Provider API Details

ElevenLabs

Model: eleven_turbo_v2_5 (fast, good quality)
Default voice: Adam (pNInz6obpgDQGcFmaJgB)
Voice settings: stability 0.5, similarity_boost 0.75, style 0.0, speaker_boost on
Audio format: MP3 (audio/mpeg)

Google Cloud

API: Cloud Text-to-Speech v1
Voice type: WaveNet (neural)
Audio format: MP3 (audio/mpeg)
Voice selection: Automatic per language + gender (male/female setting)

KittenTTS

Model: nano (~25MB, downloads from HuggingFace on first run)
Server: Flask HTTP on localhost:8192
Audio format: WAV (audio/wav)
Voices: 8 expressive voices (expr-voice-2 through expr-voice-5, male and female)
Inference: PyTorch CPU, configurable thread count

OpenTTS

Server: Docker container on localhost:5500
Image: synesthesiam/opentts:en (~1.5GB)
Engines: Larynx, Coqui-TTS, MaryTTS, Festival, eSpeak
Audio format: WAV (audio/wav)

System TTS

API: Web Speech API (speechSynthesis)
Voices: OS-dependent
Audio format: Direct playback (no file)

Writing TTS-Friendly Annotations

These guidelines produce the best spoken narration:

SAN in comments

Use standard SAN notation. The preprocessor expands it:

"After 7.Nf3, White controls e5" -> “After 7, Knight f3, White controls e5”
"The Bg5 pins the knight" -> “The Bishop g5 pins the knight”

Annotation symbols

The NAG glyph (!, ??, !?, etc.) generates spoken quality words automatically. Don’t duplicate them in the comment:

Bad: ?? {BLUNDER. A terrible move...} (TTS says “Blunder. Blunder. A terrible move”)
Good: ?? {A terrible move...} (TTS says “Blunder. A terrible move”)

Move number dots

Standard PGN notation works: 6...Bf5. The preprocessor converts dots to commas for natural pauses instead of “dot dot dot.”

Periods for pacing

Periods create natural TTS pauses. Use them between distinct ideas:

{Doubled isolated e-pawns. The f-file is ripped open. The position is strategically won.}

Arrows and circles

[%cal ...] and [%csl ...] tags are stripped from audio automatically. Use them freely for visual annotations without affecting narration.

Compatibility

This feature is purely additive. When TTS is disabled (the default), the app behaves identically to upstream En Croissant. No existing functionality is modified.

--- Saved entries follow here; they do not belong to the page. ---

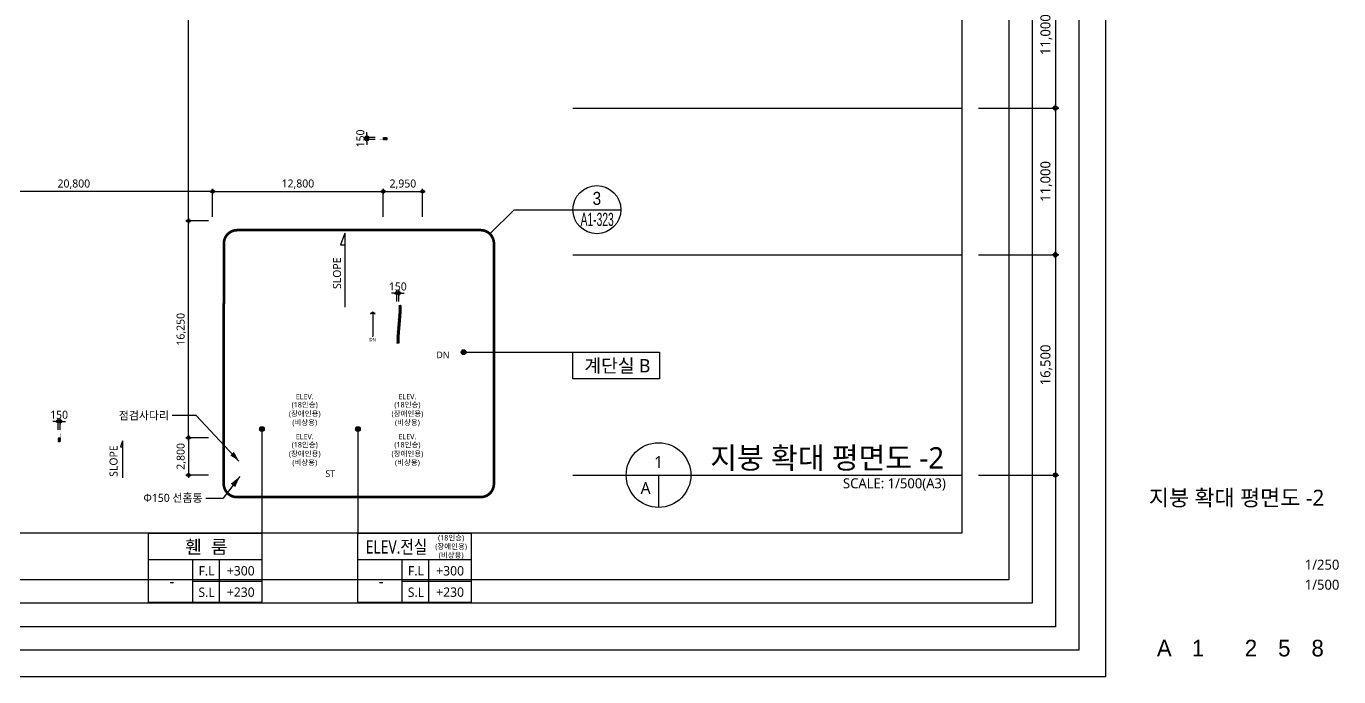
# Model space of a CAD drawing. Header units: millimetres. Extents: x 45782458 to 46215946, y 191740 to 1509539.
# Drawn here: x 46102053 to 46200474, y 191740 to 240477 of the extents above; entities that cross this region are included whole.
import ezdxf
from ezdxf.enums import TextEntityAlignment as Align

# ---------------------------------------------------------------- set-up
doc = ezdxf.new("R2010")
doc.units = ezdxf.units.MM
doc.header["$LTSCALE"] = 1000
doc.header["$MEASUREMENT"] = 0
doc.header["$PDSIZE"] = -10
doc.linetypes.add('SYM$0$DASHDOT', pattern=[1, 0.5, -0.25, 0, -0.25])
doc.layers.get('0').update_dxf_attribs({"linetype": 'CONTINUOUS'})
doc.layers.get('Defpoints').update_dxf_attribs({"color": 171, "linetype": 'CONTINUOUS'})
for name, color, linetype in [('cen', 14, 'CONTINUOUS'), ('DIM', 7, 'CONTINUOUS'), ('LED', 7, 'CONTINUOUS'), ('NDIM', 7, 'CONTINUOUS'), ('SYM', 7, 'CONTINUOUS'), ('SYM(STAIR)', 251, 'CONTINUOUS'), ('SYM(단차_HATCH)', 252, 'CONTINUOUS'), ('SYM(단차_LINE)', 2, 'CONTINUOUS'), ('TEXT', 3, 'CONTINUOUS'), ('TEXT(MIN)', 7, 'CONTINUOUS'), ('TEXT(노트)', 7, 'CONTINUOUS'), ('TEXT(실명)', 3, 'CONTINUOUS'), ('TEXT-TITLE', 6, 'CONTINUOUS'), ('TEXT-기입', 6, 'CONTINUOUS'), ('TITLE', 7, 'CONTINUOUS'), ('구간정리', 6, 'CONTINUOUS'), ('구간정리-TEXT', 3, 'CONTINUOUS')]:
    doc.layers.add(name, color=color, linetype=linetype)
doc.styles.add('CGS', font='cgse', dxfattribs={"bigfont": 'cgs'})
doc.styles.add('SYM$0$ARIAL', font='arial.ttf')
doc.styles.add('SYM$0$돋움', font='', dxfattribs={"width": 0.9})
doc.styles.add('TE', font='malgun_0.ttf')
doc.styles.add('나눔바른고딕', font='NanumBarunGothic.ttf')
doc.styles.get('SYM$0$돋움').set_extended_font_data('Dotum')
doc.dimstyles.new('BA', dxfattribs={"dimscale": 500, "dimtxt": 3, "dimasz": 1, "dimexe": 1, "dimexo": 5, "dimgap": 0.9, "dimtad": 1, "dimdec": 0, "dimdsep": 46, "dimlunit": 6, "dimtxsty": 'TE', "dimblk": 'DDD', "dimcen": 2.5, "dimclrd": 256, "dimclre": 256, "dimclrt": 3, "dimazin": 2, "dimtfac": 1, "dimtdec": 0, "dimtix": 1, "dimtmove": 2, "dimatfit": 3, "dimldrblk": 'DDD', "dimfxl": 1, "dimtolj": 1, "dimtzin": 0, "dimarcsym": 2})

# ---------------------------------------------------------------- blocks, each defined once
blk = doc.blocks.new('DDD')
at = {"layer": 'DIM', "color": 0}
for p, q in [((-1, 0), (1, 0)), ((0, -1), (0, 1))]:
    blk.add_line(p, q, dxfattribs=at)
for radius in [0.6, 0.3]:
    blk.add_circle((0, 0), radius, dxfattribs=at)
blk = doc.blocks.new('*D629')
at = {"layer": 'Defpoints', "color": 0, "ltscale": 0.4, "transparency": 16777216}
for p in [(46172222, 223351), (46172222, 206851), (46179222, 206851)]:
    blk.add_point(p, dxfattribs=at)
at = {"layer": 'NDIM', "lineweight": -2, "ltscale": 0.4, "transparency": 16777216}
for p, q in [((46173472, 223351), (46179472, 223351)), ((46179222, 223101), (46179222, 207101)), ((46173472, 206851), (46179472, 206851))]:
    blk.add_line(p, q, dxfattribs=at)
at = {"layer": 'NDIM', "lineweight": -2, "ltscale": 0.4, "transparency": 16777216, "xscale": 250, "yscale": 250, "zscale": 250}
for p, rotation in [((46179222, 223351), 90), ((46179222, 206851), 270)]:
    blk.add_blockref('DDD', p, dxfattribs=dict(at, rotation=rotation))
at = {"layer": 'NDIM', "color": 3, "ltscale": 0.4, "transparency": 16777216, "insert": (46178545, 215101), "char_height": 750, "attachment_point": 5, "rotation": 90, "style": 'TE'}
blk.add_mtext('\\A1;16,500', dxfattribs=at)
blk = doc.blocks.new('*D630')
at = {"layer": 'Defpoints', "color": 0, "ltscale": 0.4, "transparency": 16777216}
for p in [(46172222, 234351), (46172222, 223351), (46179222, 223351)]:
    blk.add_point(p, dxfattribs=at)
at = {"layer": 'NDIM', "lineweight": -2, "ltscale": 0.4, "transparency": 16777216}
for p, q in [((46173472, 234351), (46179472, 234351)), ((46179222, 234101), (46179222, 223601)), ((46173472, 223351), (46179472, 223351))]:
    blk.add_line(p, q, dxfattribs=at)
at = {"layer": 'NDIM', "lineweight": -2, "ltscale": 0.4, "transparency": 16777216, "xscale": 250, "yscale": 250, "zscale": 250}
for p, rotation in [((46179222, 234351), 90), ((46179222, 223351), 270)]:
    blk.add_blockref('DDD', p, dxfattribs=dict(at, rotation=rotation))
at = {"layer": 'NDIM', "color": 3, "ltscale": 0.4, "transparency": 16777216, "insert": (46178545, 228851), "char_height": 750, "attachment_point": 5, "rotation": 90, "style": 'TE'}
blk.add_mtext('\\A1;11,000', dxfattribs=at)
blk = doc.blocks.new('*D631')
at = {"layer": 'Defpoints', "color": 0, "ltscale": 0.4, "transparency": 16777216}
for p in [(46172222, 245351), (46172222, 234351), (46179222, 234351)]:
    blk.add_point(p, dxfattribs=at)
at = {"layer": 'NDIM', "lineweight": -2, "ltscale": 0.4, "transparency": 16777216}
for p, q in [((46173472, 245351), (46179472, 245351)), ((46179222, 245101), (46179222, 234601)), ((46173472, 234351), (46179472, 234351))]:
    blk.add_line(p, q, dxfattribs=at)
at = {"layer": 'NDIM', "lineweight": -2, "ltscale": 0.4, "transparency": 16777216, "xscale": 250, "yscale": 250, "zscale": 250}
for p, rotation in [((46179222, 245351), 90), ((46179222, 234351), 270)]:
    blk.add_blockref('DDD', p, dxfattribs=dict(at, rotation=rotation))
at = {"layer": 'NDIM', "color": 3, "ltscale": 0.4, "transparency": 16777216, "insert": (46178545, 239851), "char_height": 750, "attachment_point": 5, "rotation": 90, "style": 'TE'}
blk.add_mtext('\\A1;11,000', dxfattribs=at)
blk = doc.blocks.new('A$C31C7260E')
at = {"layer": 'TITLE'}
for points in [[(0, 0), (0, 4000), (13000, 4000), (13000, 0)], [(13000, 0), (0, 0)]]:
    blk.add_lwpolyline(points, dxfattribs=at)
blk = doc.blocks.new('A$C51E23882')
at = {"layer": 'TITLE'}
blk.add_lwpolyline([(8500, 0), (0, 0), (0, 5200), (8500, 5200)], close=True, dxfattribs=at)
for points in [[(8500, 3200), (0, 3200)], [(3300, 3200), (3300, 0)], [(5300, 3200), (5300, 0)], [(3300, 1600), (8500, 1600)]]:
    blk.add_lwpolyline(points, dxfattribs=at)
at = {"layer": 'TITLE', "style": '나눔바른고딕'}
for s, p in [('F.L', (4352, 2378)), ('S.L', (4352, 778))]:
    blk.add_text(s, height=700, dxfattribs=at).set_placement(p, align=Align.MIDDLE)
blk = doc.blocks.new('*D1216')
at = {"layer": 'Defpoints', "color": 0, "ltscale": 0.4, "transparency": 16777216}
for p in [(46114222, 225901), (46116022, 225901), (46116022, 209651)]:
    blk.add_point(p, dxfattribs=at)
at = {"layer": 'NDIM', "lineweight": -2, "ltscale": 0.4, "transparency": 16777216}
for p, q in [((46115722, 225901), (46114022, 225901)), ((46114222, 209851), (46114222, 225701)), ((46115722, 209651), (46114022, 209651))]:
    blk.add_line(p, q, dxfattribs=at)
at = {"layer": 'NDIM', "lineweight": -2, "ltscale": 0.4, "transparency": 16777216, "xscale": 200, "yscale": 200, "zscale": 200}
for p, rotation in [((46114222, 225901), 90), ((46114222, 209651), 270)]:
    blk.add_blockref('DDD', p, dxfattribs=dict(at, rotation=rotation))
at = {"layer": 'NDIM', "color": 3, "ltscale": 0.4, "transparency": 16777216, "insert": (46113680, 217776), "char_height": 600, "attachment_point": 5, "rotation": 90, "style": 'TE'}
blk.add_mtext('\\A1;16,250', dxfattribs=at)
blk = doc.blocks.new('*D1217')
at = {"layer": 'Defpoints', "color": 0, "ltscale": 0.4, "transparency": 16777216}
for p in [(46116022, 209651), (46114222, 206851), (46116022, 206851)]:
    blk.add_point(p, dxfattribs=at)
at = {"layer": 'NDIM', "lineweight": -2, "ltscale": 0.4, "transparency": 16777216}
for p, q in [((46115722, 209651), (46114022, 209651)), ((46114222, 209451), (46114222, 207051)), ((46115722, 206851), (46114022, 206851))]:
    blk.add_line(p, q, dxfattribs=at)
at = {"layer": 'NDIM', "lineweight": -2, "ltscale": 0.4, "transparency": 16777216, "xscale": 200, "yscale": 200, "zscale": 200}
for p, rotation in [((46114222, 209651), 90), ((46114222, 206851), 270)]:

The TTS atoms persist to localStorage, so settings survive app restarts. The audio cache is in-memory only and clears on restart.

License

Same as En Croissant: GPL-3.0.

Note on audio licensing: ElevenLabs audio cannot be bundled with redistributed builds (TOS non-sublicensable vs GPL-3.0). Google Cloud audio CAN be bundled (customer retains all IP rights on output). KittenTTS, OpenTTS, and System TTS audio have no redistribution restrictions.